=== PROBLEM ===
Lines below that include the word "COLUMN" should each be copied.

=== TASK INPUT ===
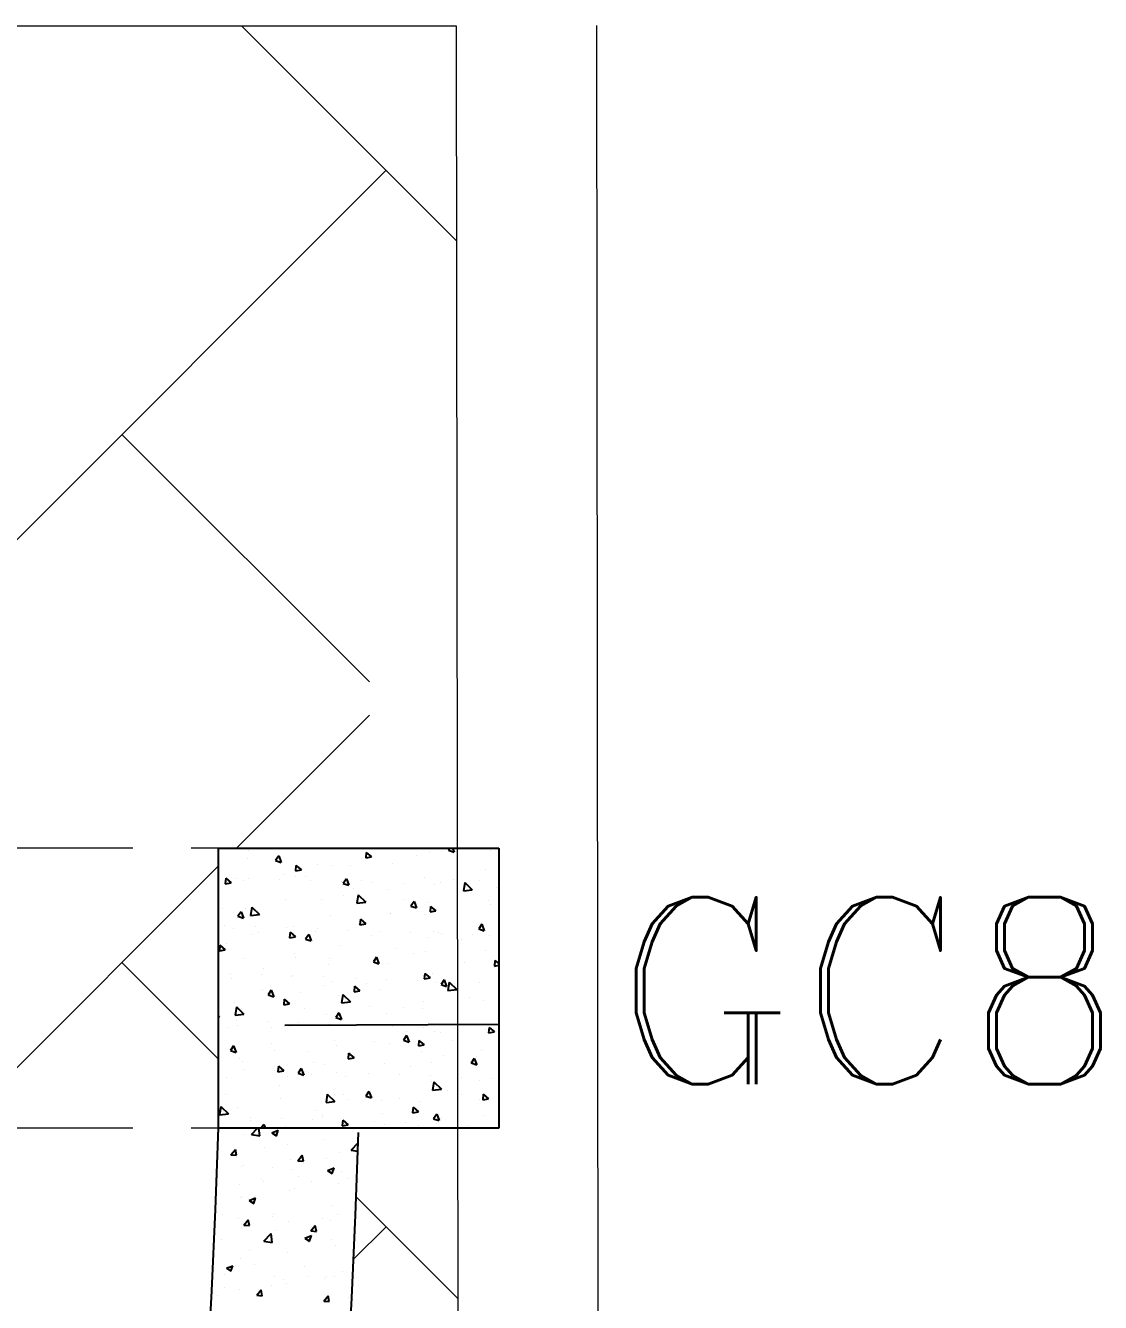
# Model space of a CAD drawing. Header units: millimetres. Extents: x 331487 to 517269, y 198509 to 399936.
# Drawn here: x 420755 to 421906, y 370922 to 372289 of the extents above; entities that cross this region are included whole.
import ezdxf

# ---------------------------------------------------------------- set-up
doc = ezdxf.new("R2010")
doc.units = ezdxf.units.MM
doc.header["$MEASUREMENT"] = 0
doc.linetypes.add('DASHED2', pattern=[0.375, 0.25, -0.125])
doc.layers.add('BEAM', color=1, linetype='Continuous', lineweight=5)
doc.layers.add('COLUMN', color=6, linetype='Continuous')
doc.styles.add('RC', font='romanc.shx', dxfattribs={"height": 200})

msp = doc.modelspace()

# ---------------------------------------------------------------- linework, layer by layer
at = {"layer": 'BEAM', "ltscale": 750}
for p, q in [((414895.1, 372289.2), (421216.4, 372289.2)), ((421216.4, 372289.2), (421228.9, 362081.5)), ((421366.4, 372289.4), (421378.9, 362081.7))]:
    msp.add_line(p, q, dxfattribs=at)
at = {"layer": 'BEAM', "color": 253, "linetype": 'Continuous', "ltscale": 750}
for p, q in [((421216.7, 372059), (420986.5, 372289.2)), ((420415.8, 371409), (421141.3, 372134.4)), ((421123.3, 371586.7), (420858.4, 371851.6)), ((420981.5, 371409), (421123.3, 371550.8)), ((420681.5, 371109), (420961.9, 371389.4)), ((420961.9, 371182.5), (420858.4, 371285.9)), ((421218.1, 370926.2), (421109.3, 371035)), ((421106.5, 370968.3), (421141.3, 371003.1))]:
    msp.add_line(p, q, dxfattribs=at)
at = {"layer": 'BEAM', "linetype": 'DASHED2', "ltscale": 500}
for p, q in [((414745.1, 371409), (421043.1, 371409)), ((414745.1, 371109), (421043.1, 371109))]:
    msp.add_line(p, q, dxfattribs=at)
at = {"layer": 'COLUMN'}
for p, q in [((420961.9, 371108.6), (420961.9, 371408.6)), ((420961.9, 371408.6), (421261.9, 371408.6)), ((421261.9, 371408.6), (421261.9, 371108.6)), ((421032.9, 371219), (421262.9, 371220.2)), ((421261.9, 371108.6), (420961.9, 371108.6))]:
    msp.add_line(p, q, dxfattribs=at)
at = {"layer": 'COLUMN', "color": 2, "linetype": 'Continuous'}
for p, q in [((420993.5, 371406.2), (420993.5, 371406.2)), ((421026.2, 371400.1), (421022.8, 371395.2)), ((421026.2, 371400.1), (421028.9, 371393.1)), ((421120, 371404), (421119.4, 371398)), ((421119.4, 371398), (421125.7, 371399.2)), ((421120, 371404), (421125.7, 371399.2)), ((421174.1, 371400.7), (421174.1, 371400.7)), ((421188.2, 371404.2), (421188.2, 371404.2)), ((421209.7, 371408.6), (421208.1, 371406.2)), ((421208.1, 371406.2), (421214.2, 371404.2)), ((421212.5, 371408.6), (421214.2, 371404.2)), ((421252.7, 371405.8), (421252.7, 371405.8)), ((420993.2, 371397.2), (420993.2, 371397.2)), ((421022.8, 371395.2), (421028.9, 371393.1)), ((421044.7, 371390.1), (421044.2, 371384.2)), ((421044.2, 371384.2), (421050.5, 371385.3)), ((421044.7, 371390.1), (421050.5, 371385.3)), ((421067.4, 371391.4), (421067.4, 371391.4)), ((421084, 371390.2), (421084, 371390.2)), ((421103.5, 371390.1), (421103.5, 371390.1)), ((421148.5, 371391.8), (421148.5, 371391.8)), ((421248, 371385.9), (421248, 371385.9)), ((420969.5, 371376.3), (420969, 371370.3)), ((420969, 371370.3), (420975.3, 371371.4)), ((420969.5, 371376.3), (420975.3, 371371.4)), ((420979.8, 371376.2), (420979.8, 371376.2)), ((420988.5, 371374.1), (420988.5, 371374.1)), ((420993.6, 371376.4), (420993.6, 371376.4)), ((421026.9, 371375.2), (421026.9, 371375.2)), ((421032.9, 371379.8), (421032.9, 371379.8)), ((421044.3, 371377.8), (421044.3, 371377.8)), ((421055.4, 371377.9), (421055.4, 371377.9)), ((421060.2, 371373.9), (421060.2, 371373.9)), ((421093.5, 371372.7), (421093.5, 371372.7)), ((421098.7, 371375.8), (421095.3, 371370.8)), ((421095.3, 371370.8), (421101.4, 371368.8)), ((421098.7, 371375.8), (421101.4, 371368.8)), ((421115.1, 371373.8), (421115.1, 371373.8)), ((421126.8, 371371.5), (421126.8, 371371.5)), ((421160.1, 371370.3), (421160.1, 371370.3)), ((421182.1, 371377.6), (421182.1, 371377.6)), ((421199.3, 371371.9), (421199.3, 371371.9)), ((421213.5, 371374.4), (421213.5, 371374.4)), ((421225.4, 371371.7), (421224, 371362.8)), ((421225.4, 371371.7), (421233.5, 371363.9)), ((421241.7, 371373.5), (421241.7, 371373.5)), ((420962.3, 371369.3), (420962.3, 371369.3)), ((421095.2, 371357.9), (421095.2, 371357.9)), ((421106.8, 371365.1), (421106.8, 371365.1)), ((421111.4, 371358.5), (421110, 371349.6)), ((421111.4, 371358.4), (421119.5, 371350.7)), ((421143, 371363.8), (421143, 371363.8)), ((421193.3, 371369.1), (421193.3, 371369.1)), ((421224, 371362.8), (421233.5, 371363.9)), ((421226.6, 371367.9), (421226.6, 371367.9)), ((421259.9, 371366.6), (421259.9, 371366.6)), ((420965.6, 371344.3), (420965.6, 371344.3)), ((420991, 371343.9), (420991, 371343.9)), ((420997.4, 371345.2), (420996.1, 371336.3)), ((420997.5, 371345.2), (421005.6, 371337.4)), ((421001.8, 371343), (421001.8, 371343)), ((421033.5, 371354), (421033.5, 371354)), ((421072.4, 371353.5), (421072.4, 371353.5)), ((421110, 371349.6), (421119.5, 371350.7)), ((421160.1, 371353.7), (421160.1, 371353.7)), ((421171.2, 371351.5), (421167.9, 371346.5)), ((421167.9, 371346.5), (421173.9, 371344.5)), ((421171.2, 371351.5), (421173.9, 371344.5)), ((421185.9, 371350.8), (421185.9, 371350.8)), ((421188.9, 371346.2), (421188.4, 371340.2)), ((421188.9, 371346.2), (421194.6, 371341.3)), ((421250.4, 371352.4), (421250.4, 371352.4)), ((421253, 371348.1), (421253, 371348.1)), ((420985.9, 371340.4), (420982.6, 371335.5)), ((420982.6, 371335.5), (420988.6, 371333.4)), ((420985.9, 371340.4), (420988.6, 371333.4)), ((420996.1, 371336.3), (421005.6, 371337.4)), ((421081.7, 371336.8), (421081.7, 371336.8)), ((421113.7, 371332.3), (421113.2, 371326.3)), ((421113.7, 371332.3), (421119.4, 371327.5)), ((421146.2, 371338.8), (421146.2, 371338.8)), ((421146.3, 371338.4), (421146.3, 371338.4)), ((421182.4, 371337.5), (421182.4, 371337.5)), ((421188.4, 371340.2), (421194.6, 371341.3)), ((420967.8, 371325.7), (420967.8, 371325.7)), ((420977.5, 371322.8), (420977.5, 371322.8)), ((420998.5, 371315.8), (420998.5, 371315.8)), ((421001.1, 371324.4), (421001.1, 371324.4)), ((421005.1, 371318), (421005.1, 371318)), ((421034.4, 371323.2), (421034.4, 371323.2)), ((421038.5, 371318.4), (421037.9, 371312.4)), ((421038.5, 371318.4), (421044.2, 371313.6)), ((421041.2, 371316.7), (421041.2, 371316.7)), ((421042.1, 371324.4), (421042.1, 371324.4)), ((421058.4, 371316.1), (421055.1, 371311.1)), ((421058.4, 371316.1), (421061.1, 371309.1)), ((421065.4, 371319.6), (421065.4, 371319.6)), ((421067.7, 371322), (421067.7, 371322)), ((421101, 371320.8), (421101, 371320.8)), ((421111.8, 371327.2), (421111.8, 371327.2)), ((421113.2, 371326.3), (421119.4, 371327.5)), ((421125.1, 371315.5), (421125.1, 371315.5)), ((421134.3, 371319.6), (421134.3, 371319.6)), ((421167.5, 371318.4), (421167.5, 371318.4)), ((421192.1, 371319.3), (421192.1, 371319.3)), ((421197.1, 371318.5), (421197.1, 371318.5)), ((421200.8, 371317.1), (421200.8, 371317.1)), ((421234.1, 371315.9), (421234.1, 371315.9)), ((421243.7, 371327.1), (421240.4, 371322.2)), ((421240.4, 371322.2), (421246.4, 371320.1)), ((421243.7, 371327.1), (421246.4, 371320.1)), ((420963.2, 371304.5), (420962.7, 371298.6)), ((420963.2, 371304.5), (420969, 371299.7)), ((420970.6, 371306.4), (420970.6, 371306.4)), ((421037.9, 371312.4), (421044.2, 371313.6)), ((421055.1, 371311.1), (421061.1, 371309.1)), ((421092.9, 371304.5), (421092.9, 371304.5)), ((421185.7, 371312.5), (421185.7, 371312.5)), ((421221.8, 371311.2), (421221.8, 371311.2)), ((421251.7, 371315.2), (421251.7, 371315.2)), ((420962.7, 371298.6), (420969, 371299.7)), ((420988.7, 371290.5), (420988.7, 371290.5)), ((421043.5, 371295.6), (421043.5, 371295.6)), ((421044.5, 371291.7), (421044.5, 371291.7)), ((421080.7, 371290.4), (421080.7, 371290.4)), ((421130.9, 371291.8), (421127.6, 371286.8)), ((421130.9, 371291.8), (421133.6, 371284.8)), ((421151.2, 371300.9), (421151.2, 371300.9)), ((421170.1, 371295.4), (421170.1, 371295.4)), ((421183.7, 371297.4), (421183.7, 371297.4)), ((421248.2, 371299), (421248.2, 371299)), ((421257.8, 371288.3), (421257.3, 371282.3)), ((421257.8, 371288.3), (421261.9, 371284.9)), ((421010.1, 371280.1), (421010.1, 371280.1)), ((421079.5, 371283.4), (421079.5, 371283.4)), ((421127.6, 371286.8), (421133.6, 371284.8)), ((421144, 371285), (421144, 371285)), ((421182.6, 371274.4), (421182.1, 371268.5)), ((421182.6, 371274.4), (421188.4, 371269.6)), ((421190.7, 371274.6), (421190.7, 371274.6)), ((421225.1, 371286.2), (421225.1, 371286.2)), ((421257.3, 371282.3), (421261.9, 371283.2)), ((421261.3, 371284.9), (421261.3, 371284.9)), ((420974.9, 371274.3), (420974.9, 371274.3)), ((420975.3, 371269.4), (420975.3, 371269.4)), ((421008.1, 371273.1), (421008.1, 371273.1)), ((421039.8, 371271), (421039.8, 371271)), ((421041.4, 371271.9), (421041.4, 371271.9)), ((421074.7, 371270.7), (421074.7, 371270.7)), ((421075.5, 371261.3), (421075.5, 371261.3)), ((421084, 371265.4), (421084, 371265.4)), ((421108, 371269.4), (421108, 371269.4)), ((421120.1, 371264.1), (421120.1, 371264.1)), ((421141.3, 371268.2), (421141.3, 371268.2)), ((421174.6, 371267), (421174.6, 371267)), ((421182.1, 371268.5), (421188.4, 371269.6)), ((421194.8, 371265.1), (421194.8, 371265.1)), ((421203.5, 371267.4), (421200.1, 371262.5)), ((421200.1, 371262.5), (421206.1, 371260.4)), ((421202.1, 371261), (421202.1, 371261)), ((421203.5, 371267.4), (421206.1, 371260.4)), ((421208.8, 371265), (421207.4, 371256.1)), ((421207.9, 371265.8), (421207.9, 371265.8)), ((421208.8, 371265), (421217, 371257.2)), ((421241.2, 371264.6), (421241.2, 371264.6)), ((421008.5, 371257.5), (421008.5, 371257.5)), ((421018.2, 371256.4), (421014.8, 371251.4)), ((421014.8, 371251.4), (421020.9, 371249.4)), ((421018.2, 371256.4), (421020.9, 371249.4)), ((421049.5, 371253.8), (421049.5, 371253.8)), ((421090.7, 371251.1), (421090.7, 371251.1)), ((421094.9, 371251.7), (421093.5, 371242.8)), ((421094.9, 371251.7), (421103, 371243.9)), ((421107.4, 371260.6), (421106.9, 371254.6)), ((421106.9, 371254.6), (421113.1, 371255.7)), ((421107.4, 371260.6), (421113.2, 371255.7)), ((421135.1, 371257.2), (421135.1, 371257.2)), ((421207.4, 371256.1), (421216.9, 371257.2)), ((421230.1, 371248.3), (421230.1, 371248.3)), ((421261.7, 371256.9), (421261.7, 371256.9)), ((420978.9, 371243.2), (420978.9, 371243.2)), ((420980.9, 371238.5), (420979.5, 371229.6)), ((420980.9, 371238.5), (420989, 371230.7)), ((420986.5, 371237.1), (420986.5, 371237.1)), ((421032.2, 371246.7), (421031.7, 371240.7)), ((421031.7, 371240.7), (421037.9, 371241.9)), ((421032.2, 371246.7), (421037.9, 371241.9)), ((421053.5, 371237.3), (421053.5, 371237.3)), ((421093.5, 371242.8), (421103, 371243.9)), ((421123.4, 371239), (421123.4, 371239)), ((421159.6, 371237.8), (421159.6, 371237.8)), ((421180.1, 371237), (421180.1, 371237)), ((421181.4, 371244), (421181.4, 371244)), ((421245.9, 371245.6), (421245.9, 371245.6)), ((420961.9, 371228.7), (420962.7, 371228)), ((420961.9, 371227.8), (420962.7, 371228)), ((420979.5, 371229.6), (420989, 371230.7)), ((420981.3, 371223.8), (420981.3, 371223.8)), ((421014.5, 371222.6), (421014.5, 371222.6)), ((421047.8, 371221.4), (421047.8, 371221.4)), ((421077.2, 371230), (421077.2, 371230)), ((421081.1, 371220.2), (421081.1, 371220.2)), ((421090.7, 371232.1), (421087.3, 371227.1)), ((421087.3, 371227.1), (421093.4, 371225.1)), ((421088.9, 371227.5), (421088.9, 371227.5)), ((421090.7, 371232.1), (421093.4, 371225.1)), ((421141.8, 371231.6), (421141.8, 371231.6)), ((420973, 371216), (420973, 371216)), ((420982.2, 371218.2), (420982.2, 371218.2)), ((421018.4, 371216.9), (421018.4, 371216.9)), ((421037.6, 371217.6), (421037.6, 371217.6)), ((421114.4, 371218.9), (421114.4, 371218.9)), ((421147.7, 371217.7), (421147.7, 371217.7)), ((421163.2, 371207.8), (421159.8, 371202.8)), ((421162.8, 371212.7), (421162.8, 371212.7)), ((421163.2, 371207.8), (421165.9, 371200.8)), ((421181, 371216.5), (421181, 371216.5)), ((421192.6, 371211.7), (421192.6, 371211.7)), ((421199, 371211.5), (421199, 371211.5)), ((421214.3, 371215.3), (421214.3, 371215.3)), ((421247.6, 371214.1), (421247.6, 371214.1)), ((421251.6, 371216.6), (421251, 371210.6)), ((421251, 371210.6), (421257.3, 371211.8)), ((421251.6, 371216.6), (421257.3, 371211.8)), ((420977.9, 371196.7), (420974.6, 371191.7)), ((420977.9, 371196.7), (420980.6, 371189.7)), ((421018.5, 371199.1), (421018.5, 371199.1)), ((421085.5, 371203), (421085.5, 371203)), ((421088.4, 371197.7), (421088.4, 371197.7)), ((421128.4, 371201.2), (421128.4, 371201.2)), ((421145.1, 371198.8), (421145.1, 371198.8)), ((421159.8, 371202.8), (421165.9, 371200.8)), ((421176.4, 371202.7), (421175.8, 371196.7)), ((421175.8, 371196.7), (421182.1, 371197.9)), ((421176.4, 371202.7), (421182.1, 371197.9)), ((421212.1, 371202.7), (421212.1, 371202.7)), ((420974.6, 371191.8), (420980.6, 371189.7)), ((420984.2, 371183.7), (420984.2, 371183.7)), ((420987.2, 371180.3), (420987.2, 371180.3)), ((421021.7, 371191.9), (421021.7, 371191.9)), ((421057.8, 371190.6), (421057.8, 371190.6)), ((421063.5, 371179), (421063.5, 371179)), ((421101.1, 371188.8), (421100.6, 371182.9)), ((421100.6, 371182.9), (421106.9, 371184)), ((421101.1, 371188.8), (421106.9, 371184)), ((421179.1, 371190.7), (421179.1, 371190.7)), ((421190.1, 371178.7), (421190.1, 371178.7)), ((421202.3, 371186.4), (421202.3, 371186.4)), ((421235.7, 371183.4), (421232.4, 371178.4)), ((421235.7, 371183.4), (421238.4, 371176.4)), ((421238.4, 371185.2), (421238.4, 371185.2)), ((421243.7, 371192.3), (421243.7, 371192.3)), ((420988.8, 371171.9), (420988.8, 371171.9)), ((421022, 371170.6), (421022, 371170.6)), ((421025.9, 371175), (421025.4, 371169)), ((421025.4, 371169), (421031.7, 371170.1)), ((421025.9, 371175), (421031.7, 371170.1)), ((421050.4, 371172.4), (421047.1, 371167.4)), ((421047.1, 371167.4), (421053.1, 371165.4)), ((421050.4, 371172.4), (421053.1, 371165.4)), ((421055.3, 371169.4), (421055.3, 371169.4)), ((421061.1, 371165.6), (421061.1, 371165.6)), ((421075, 371176.6), (421075, 371176.6)), ((421088.6, 371168.2), (421088.6, 371168.2)), ((421121.9, 371167), (421121.9, 371167)), ((421139.5, 371178.2), (421139.5, 371178.2)), ((421155.2, 371165.8), (421155.2, 371165.8)), ((421167.8, 371174.9), (421167.8, 371174.9)), ((421232.4, 371178.5), (421238.4, 371176.4)), ((420970.8, 371162.6), (420970.8, 371162.6)), ((421026.7, 371154), (421026.7, 371154)), ((421035.3, 371164.2), (421035.3, 371164.2)), ((421097.3, 371164.3), (421097.3, 371164.3)), ((421188.5, 371164.6), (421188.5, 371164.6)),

=== EXERCISE OUTPUT ===
doc.layers.add('COLUMN', color=6, linetype='Continuous')
at = {"layer": 'COLUMN'}
at = {"layer": 'COLUMN', "color": 2, "linetype": 'Continuous'}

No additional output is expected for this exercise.